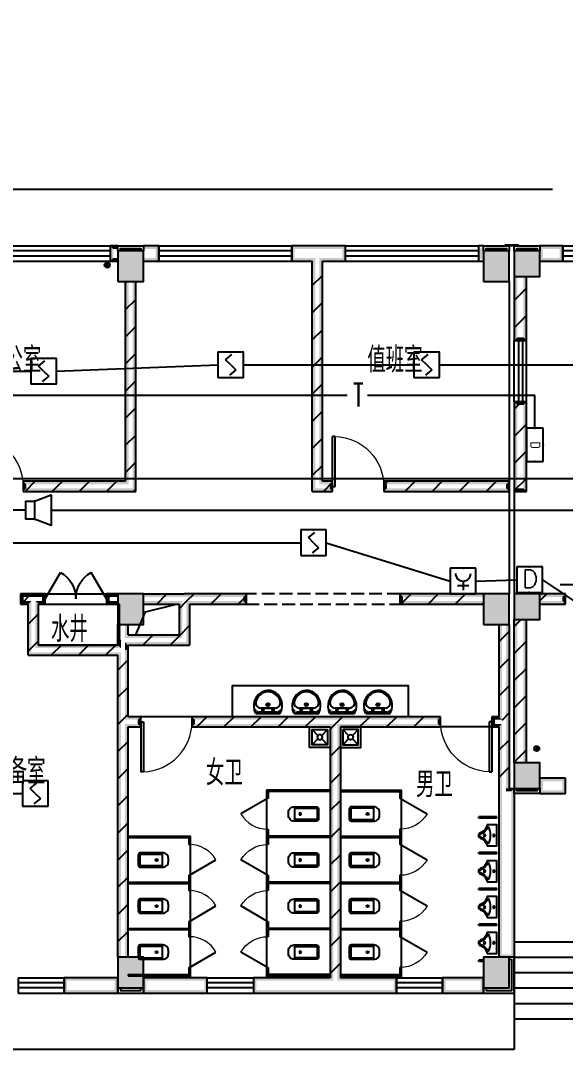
# Model space of a CAD drawing. Extents: x 101023 to 279373, y -114511 to 293844.
# Drawn here: x 171580 to 182230, y -98566 to -78466 of the extents above; entities that cross this region are included whole.
import ezdxf
from ezdxf.enums import TextEntityAlignment as Align

# ---------------------------------------------------------------- set-up
doc = ezdxf.new("R2010")
doc.units = 0
doc.header["$LTSCALE"] = 1000
doc.header["$MEASUREMENT"] = 0
doc.linetypes.add('DASH', pattern=[0.35, 0.25, -0.1])
for name, color, linetype in [('A-DOOR-HOLE', 161, 'Continuous'), ('A-Fixt', 81, 'Continuous'), ('A-WALL-PATT', 252, 'Continuous'), ('COLUMN', 2, 'Continuous'), ('DOOR_FIRE', 4, 'Continuous'), ('E2-楼梯、坡道', 52, 'Continuous'), ('EQUIP-广播', 3, 'Continuous'), ('EQUIP-消防', 3, 'Continuous'), ('PUB_HATCH', 8, 'Continuous'), ('PUB_TEXT', 7, 'Continuous'), ('PUB_WALL', 2, 'Continuous'), ('SIG_TEXT', 7, 'Continuous'), ('STAIR', 2, 'Continuous'), ('WALL', 2, 'Continuous'), ('WINDOW', 2, 'Continuous'), ('WIRE-消防', 1, 'Continuous'), ('厕卫厨', 252, 'Continuous'), ('厨卫', 252, 'Continuous'), ('排水', 153, 'Continuous'), ('看线', 30, 'Continuous')]:
    doc.layers.add(name, color=color, linetype=linetype)
doc.styles.add('_TEL_ATTDEF', font='gbenor', dxfattribs={"bigfont": 'gbcbig'})
doc.styles.add('_TEL_DIM', font='simplex.shx', dxfattribs={"width": 0.8, "height": 3.5, "bigfont": 'gbcbig.shx'})
doc.styles.get("Standard").update_dxf_attribs({"font": 'simplex.shx', "width": 0.8, "bigfont": 'gbcbig.shx'})
pattern_1 = [(45, (-908016.57, -754752.9), (-265.16515, 265.16515), [])]

# ---------------------------------------------------------------- blocks, each defined once
blk = doc.blocks.new('$equip$00002755')
for p, q in [((0.5, 0.5), (-0.5, 0.5)), ((-0.5, 0.5), (-0.5, -0.5)), ((0.5, -0.5), (0.5, 0.5)), ((-0.5, -0.5), (0.5, -0.5))]:
    blk.add_line(p, q)
at = {"const_width": 0.04}
blk.add_lwpolyline([(-0.5, 0.5), (0.5, 0.5), (0.5, -0.5), (-0.5, -0.5), (-0.5, 0.5), (0.5, 0.5)], dxfattribs=at)
for p in [(0, 0.5), (-0.5, 0), (0.5, 0), (-0.027, -0.5)]:
    blk.add_point(p)
at = {"color": 7}
blk.add_attdef('$TEXT$', text='', height=0.4, dxfattribs=at).set_placement((0.026, -0.008), align=Align.MIDDLE_CENTER)
at = {"color": 7, "flags": 1}
for tag, height, p in [('A', 0.00002, (0, 0)), ('B', 0.4, (0.755, -0.254))]:
    blk.add_attdef(tag, text='', height=height, dxfattribs=at).set_placement(p, align=Align.MIDDLE_CENTER)
blk = doc.blocks.new('$equip$00002656')
for p, q in [((-0.5, 1), (-0.5, 0)), ((0.5, 1), (-0.5, 1)), ((0.5, 0), (0.5, 1)), ((0, 0.5), (0, 0.15)), ((-0.5, 0), (0.5, 0)), ((-0.219, 0.331), (0.222, 0.331))]:
    blk.add_line(p, q)
at = {"const_width": 0.04}
blk.add_lwpolyline([(-0.5, 1), (0.5, 1), (0.5, 0), (-0.5, 0), (-0.5, 1), (0.5, 1)], dxfattribs=at)
blk.add_arc((0, 0.8), 0.3, 180, 0)
for p in [(0, 1), (-0.5, 0.5), (0.5, 0.5), (0, 0)]:
    blk.add_point(p)
at = {"color": 7, "flags": 1}
for tag, height, p in [('B', 0.4, (0.762, 0.292)), ('A', 0.00002, (0, 0))]:
    blk.add_attdef(tag, text='', height=height, dxfattribs=at).set_placement(p, align=Align.MIDDLE_CENTER)
blk = doc.blocks.new('$Equip$00002649')
for p, q in [((-0.5, 0.5), (-0.5, -0.5)), ((0.5, 0.5), (-0.5, 0.5)), ((0.5, -0.5), (0.5, 0.5)), ((-0.2, 0.2), (0.05, 0.4)), ((0, 0), (-0.2, 0.2)), ((0, 0), (0.2, -0.2)), ((0.2, -0.2), (-0.05, -0.4)), ((-0.5, -0.5), (0.5, -0.5))]:
    blk.add_line(p, q)
at = {"const_width": 0.04}
blk.add_lwpolyline([(-0.5, 0.5), (0.5, 0.5), (0.5, -0.5), (-0.5, -0.5), (-0.5, 0.5), (0.5, 0.5)], dxfattribs=at)
for p in [(0, 0.5), (-0.5, 0), (0.5, 0), (0, -0.5)]:
    blk.add_point(p)
at = {"color": 7, "flags": 1}
for tag, height, p in [('A', 0.00002, (0, 0)), ('B', 0.4, (0.762, -0.208))]:
    blk.add_attdef(tag, text='', height=height, dxfattribs=at).set_placement(p, align=Align.MIDDLE_CENTER)
blk = doc.blocks.new('ng')
at = {"layer": '排水'}
for p, q in [((345991, 781358), (346091, 781358)), ((346041, 781408), (346041, 781308))]:
    blk.add_line(p, q, dxfattribs=at)
blk.add_circle((346041, 781358), 50, dxfattribs=at)
blk = doc.blocks.new('雨水管')
at = {"layer": '排水'}
blk.add_blockref('ng', (628560, -122908), dxfattribs=at)
blk = doc.blocks.new('$TCHSYS$APDOOR2D')
blk.add_line((0.5, 0), (0, 0.866))
at = {"lineweight": 13}
blk.add_arc((0.5, 0), 1, 120, 180, dxfattribs=at)
blk = doc.blocks.new('$lvtry$00000202')
at = {"color": 0}
for p, q in [((-110, -40, 0), (-110, -470, 0)), ((100, -30, 0), (-100, -30, 0)), ((110, -470, 0), (110, -40, 0)), ((140, -470, 0), (-140, -470, 0))]:
    blk.add_line(p, q, dxfattribs=at)
at = {"color": 0, "elevation": 0}
blk.add_lwpolyline([(140, -40, 0.414214), (100, 0), (-100, 0, 0.414214), (-140, -40), (-140, -480, 0.414214), (-30, -590), (30, -590, 0.414214), (140, -480)], format="xyb", close=True, dxfattribs=at)
at = {"color": 0}
blk.add_circle((0, -359, 0), 20, dxfattribs=at)
for centre, start, end in [((-100, -40, 0), 90, 180), ((100, -40, 0), 0, 90)]:
    blk.add_arc(centre, 10, start, end, dxfattribs=at)
for p in [(0, 0, 0), (0, -359, 0)]:
    blk.add_point(p, dxfattribs=at)
blk = doc.blocks.new('_E6')
for p, q in [((240, 0), (-240, 0)), ((-237, 0), (239, 0)), ((240, 0), (270, -79)), ((-213, -36), (-271, -91)), ((-240, 0), (-270, -79)), ((-179, -23), (181, -23)), ((141, -105), (-141, -105)), ((-141, -105), (141, -105)), ((217, -37), (274, -95))]:
    blk.add_line(p, q)
for centre, radius in [((-99, -65), 16.3), ((2, -172), 31.6), ((2, -172), 23), ((101, -65), 16.3)]:
    blk.add_circle(centre, radius)
for centre, radius, start, end in [((28, -152), 307, 166.1751, 244.7296), ((-141, -205), 100, 90, 190.5602), ((-179, -73), 50, 90, 133.181), ((-28, -152), 307, 297.0639, 13.8249), ((141, -205), 100, 349.4398, 90), ((181, -73), 50, 44.5607, 90), ((0, -179), 243, 190.5602, 349.4398), ((0, -201), 250, 245.8071, 296.4628), ((28, -152), 307, 266.589, 266.5936)]:
    blk.add_arc(centre, radius, start, end)
at = {"width": 0.8, "flags": 9}
for tag in ['XSIZE', 'YSIZE']:
    blk.add_attdef(tag, (0, 0), '', height=0.5, dxfattribs=at)
blk = doc.blocks.new('$lvtry$00000191')
for p, q in [((-150, -150), (-39, -269)), ((39, -269), (150, -150)), ((-150, -450), (-39, -331)), ((39, -331), (150, -450))]:
    blk.add_line(p, q)
for points in [[(200, -500), (200, -100), (-200, -100), (-200, -500)], [(150, -450), (150, -150), (-150, -150), (-150, -450)]]:
    blk.add_lwpolyline(points, close=True)
blk.add_circle((0, -300), 50)
blk.add_point((0, -150))
blk = doc.blocks.new('$WINLIB2D$00000001')
at = {"color": 0}
for points in [[(-0.5, 0.5), (-0.5, -0.5)], [(-0.5, 0.5), (0.5, 0.5)], [(0.5, -0.5), (0.5, 0.5)], [(0.5, 0.1667), (-0.5, 0.1667)], [(0.5, -0.1667), (-0.5, -0.1667)], [(-0.5, -0.5), (0.5, -0.5)]]:
    blk.add_lwpolyline(points, dxfattribs=at)
blk = doc.blocks.new('$DorLib2D$00000001')
for p, q in [((0.45, 0.975), (0.5, 0.975)), ((0.45, 0), (0.45, 0.975)), ((0.5, 0), (0.5, 0.975)), ((0.5, 0), (0.45, 0))]:
    blk.add_line(p, q)
at = {"lineweight": 13}
blk.add_arc((0.475, 0), 0.975, 91.4693, 180, dxfattribs=at)
blk = doc.blocks.new('$lvtry$00000222')
at = {"color": 0, "elevation": 0}
blk.add_lwpolyline([(-205, -191), (-205, 0), (205, 0), (205, -191, 0.268068), (51, -323, -0.317765), (0, -360, -0.317765), (-51, -323, 0.268068)], format="xyb", close=True, dxfattribs=at)
at = {"color": 0}
for centre in [(0, -60, 0), (0, -242, 0)]:
    blk.add_circle(centre, 20, dxfattribs=at)
for centre, radius, start, end in [((-152, -175, 0), 10, 114.1084, 248.1394), ((5, -526, 0), 395, 66.6675, 114.1084), ((-243, -401, 0), 233, 19.2639, 68.1394), ((243, -401, 0), 233, 110.4941, 160.7361), ((158, -173, 0), 10, 290.4941, 66.6675), ((0, -316, 0), 24, 199.2639, 269.4998), ((0, -316, 0), 24, 270.5002, 340.7361)]:
    blk.add_arc(centre, radius, start, end, dxfattribs=at)
for p in [(0, -60, 0), (0, -242, 0)]:
    blk.add_point(p, dxfattribs=at)
blk = doc.blocks.new('$DorLib2D$00000231')
at = {"color": 0}
for p, q in [((-0.5, 0), (-0.25, 0.433)), ((0.5, 0), (0.25, 0.433))]:
    blk.add_line(p, q, dxfattribs=at)
for centre, start, end in [((-0.5, 0), 0, 60), ((0.5, 0), 120, 180)]:
    blk.add_arc(centre, 0.5, start, end, dxfattribs=at)
blk = doc.blocks.new('_FZH')
blk.add_lwpolyline([(-0.5, -0.5), (0.5, -0.5), (0.5, 0.5), (-0.5, 0.5)], close=True)
at = {"layer": 'PUB_HATCH'}
blk.add_solid([(-0.5, -0.5), (0.5, -0.5), (-0.5, 0.5), (0.5, 0.5)], dxfattribs=at)
blk = doc.blocks.new('A$C40CE5D7B')
at = {"layer": 'A-WALL-PATT'}
h = blk.add_hatch(dxfattribs=at)
h.set_pattern_fill('普通砖', color=256, scale=150, style=0)
h.set_pattern_definition(pattern_1)
h.paths.add_polyline_path([(60950, 27870), (61150, 28070), (61150, 32370), (61050, 32470), (60950, 32370)])
h = blk.add_hatch(dxfattribs=at)
h.set_pattern_fill('普通砖', color=256, scale=150, style=0)
h.set_pattern_definition(pattern_1)
h.paths.add_polyline_path([(57500, 31970), (57300, 31970), (57300, 28070), (57500, 27870)])
h = blk.add_hatch(dxfattribs=at)
h.set_pattern_fill('普通砖', color=256, scale=150, style=0)
h.set_pattern_definition(pattern_1)
h.paths.add_polyline_path([(65140, 32070), (64900, 32070), (64900, 30819), (65140, 30819)])
h = blk.add_hatch(dxfattribs=at)
h.set_pattern_fill('普通砖', color=256, scale=150, style=0)
h.set_pattern_definition(pattern_1)
h.paths.add_polyline_path([(65140, 27870), (65140, 29619), (64900, 29619), (64900, 27870)])
h = blk.add_hatch(dxfattribs=at)
h.set_pattern_fill('普通砖', color=256, scale=150, style=0)
h.set_pattern_definition(pattern_1)
h.paths.add_polyline_path([(57500, 27870), (57300, 28070), (55300, 28070), (55300, 27870)])
h = blk.add_hatch(dxfattribs=at)
h.set_pattern_fill('普通砖', color=256, scale=150, style=0)
h.set_pattern_definition(pattern_1)
h.paths.add_polyline_path([(61150, 28070), (60950, 27870), (61350, 27870), (61350, 28070)])
h = blk.add_hatch(dxfattribs=at)
h.set_pattern_fill('普通砖', color=256, scale=150, style=0)
h.set_pattern_definition(pattern_1)
h.paths.add_polyline_path([(64800, 28070), (62350, 28070), (62350, 27870), (64800, 27870)])
h = blk.add_hatch(dxfattribs=at)
h.set_pattern_fill('普通砖', color=256, scale=150, style=0)
h.set_pattern_definition(pattern_1)
h.paths.add_polyline_path([(55500, 25737), (55500, 25870), (55250, 25870), (55250, 25670), (55400, 25670), (55460, 25730)])
h = blk.add_hatch(dxfattribs=at)
h.set_pattern_fill('普通砖', color=256, scale=150, style=0)
h.set_pattern_definition(pattern_1)
h.paths.add_polyline_path([(55400, 24670), (55600, 24870), (55600, 25670), (55540, 25730), (55500, 25737), (55460, 25730), (55400, 25670)])
h = blk.add_hatch(dxfattribs=at)
h.set_pattern_fill('普通砖', color=256, scale=150, style=0)
h.set_pattern_definition(pattern_1)
h.paths.add_polyline_path([(55540, 25730), (55600, 25670), (55730, 25670), (55730, 25870), (55500, 25870), (55500, 25737)])
h = blk.add_hatch(dxfattribs=at)
h.set_pattern_fill('普通砖', color=256, scale=150, style=0)
h.set_pattern_definition(pattern_1)
h.paths.add_polyline_path([(57150, 25670), (57150, 25870), (56930, 25870), (56930, 25670)])
h = blk.add_hatch(dxfattribs=at)
h.set_pattern_fill('普通砖', color=256, scale=150, style=0)
h.set_pattern_definition(pattern_1)
h.paths.add_polyline_path([(57650, 25870), (57650, 25670), (58350, 25670), (58410, 25730), (58450, 25737), (58450, 25870)])
h = blk.add_hatch(dxfattribs=at)
h.set_pattern_fill('普通砖', color=256, scale=150, style=0)
h.set_pattern_definition(pattern_1)
h.paths.add_polyline_path([(58450, 25737), (58410, 25730), (58350, 25670), (58350, 25070), (58550, 24870), (58550, 25670), (58490, 25730)])
h = blk.add_hatch(dxfattribs=at)
h.set_pattern_fill('普通砖', color=256, scale=150, style=0)
h.set_pattern_definition(pattern_1)
h.paths.add_polyline_path([(58490, 25730), (58550, 25670), (59664, 25670), (59664, 25870), (58450, 25870), (58450, 25737)])
h = blk.add_hatch(dxfattribs=at)
h.set_pattern_fill('普通砖', color=256, scale=150, style=0)
h.set_pattern_definition(pattern_1)
h.paths.add_polyline_path([(64300, 25670), (64300, 25870), (62664, 25870), (62664, 25670)])
h = blk.add_hatch(dxfattribs=at)
h.set_pattern_fill('普通砖', color=256, scale=150, style=0)
h.set_pattern_definition(pattern_1)
h.paths.add_polyline_path([(65400, 25870), (65400, 25670), (65900, 25670), (65900, 25870)])
h = blk.add_hatch(dxfattribs=at)
h.set_pattern_fill('普通砖', color=256, scale=150, style=0)
h.set_pattern_definition(pattern_1)
h.paths.add_polyline_path([(65140, 25370), (64900, 25370), (64900, 22570), (65140, 22570)])
h = blk.add_hatch(dxfattribs=at)
h.set_pattern_fill('普通砖', color=256, scale=150, style=0)
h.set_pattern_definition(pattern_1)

• • • • • • •

# Activity:
Write out again, exactly, the lines from the start of the listing up to the line containing "doc.linetypes.add('DASH', pattern=[0.35, 0.25, -0.1])", with both ends and without pictures.

# Result of this exercise:
# Model space of a CAD drawing. Extents: x 101023 to 279373, y -114511 to 293844.
# Drawn here: x 171580 to 182230, y -98566 to -78466 of the extents above; entities that cross this region are included whole.
import ezdxf
from ezdxf.enums import TextEntityAlignment as Align

# ---------------------------------------------------------------- set-up
doc = ezdxf.new("R2010")
doc.units = 0
doc.header["$LTSCALE"] = 1000
doc.header["$MEASUREMENT"] = 0
doc.linetypes.add('DASH', pattern=[0.35, 0.25, -0.1])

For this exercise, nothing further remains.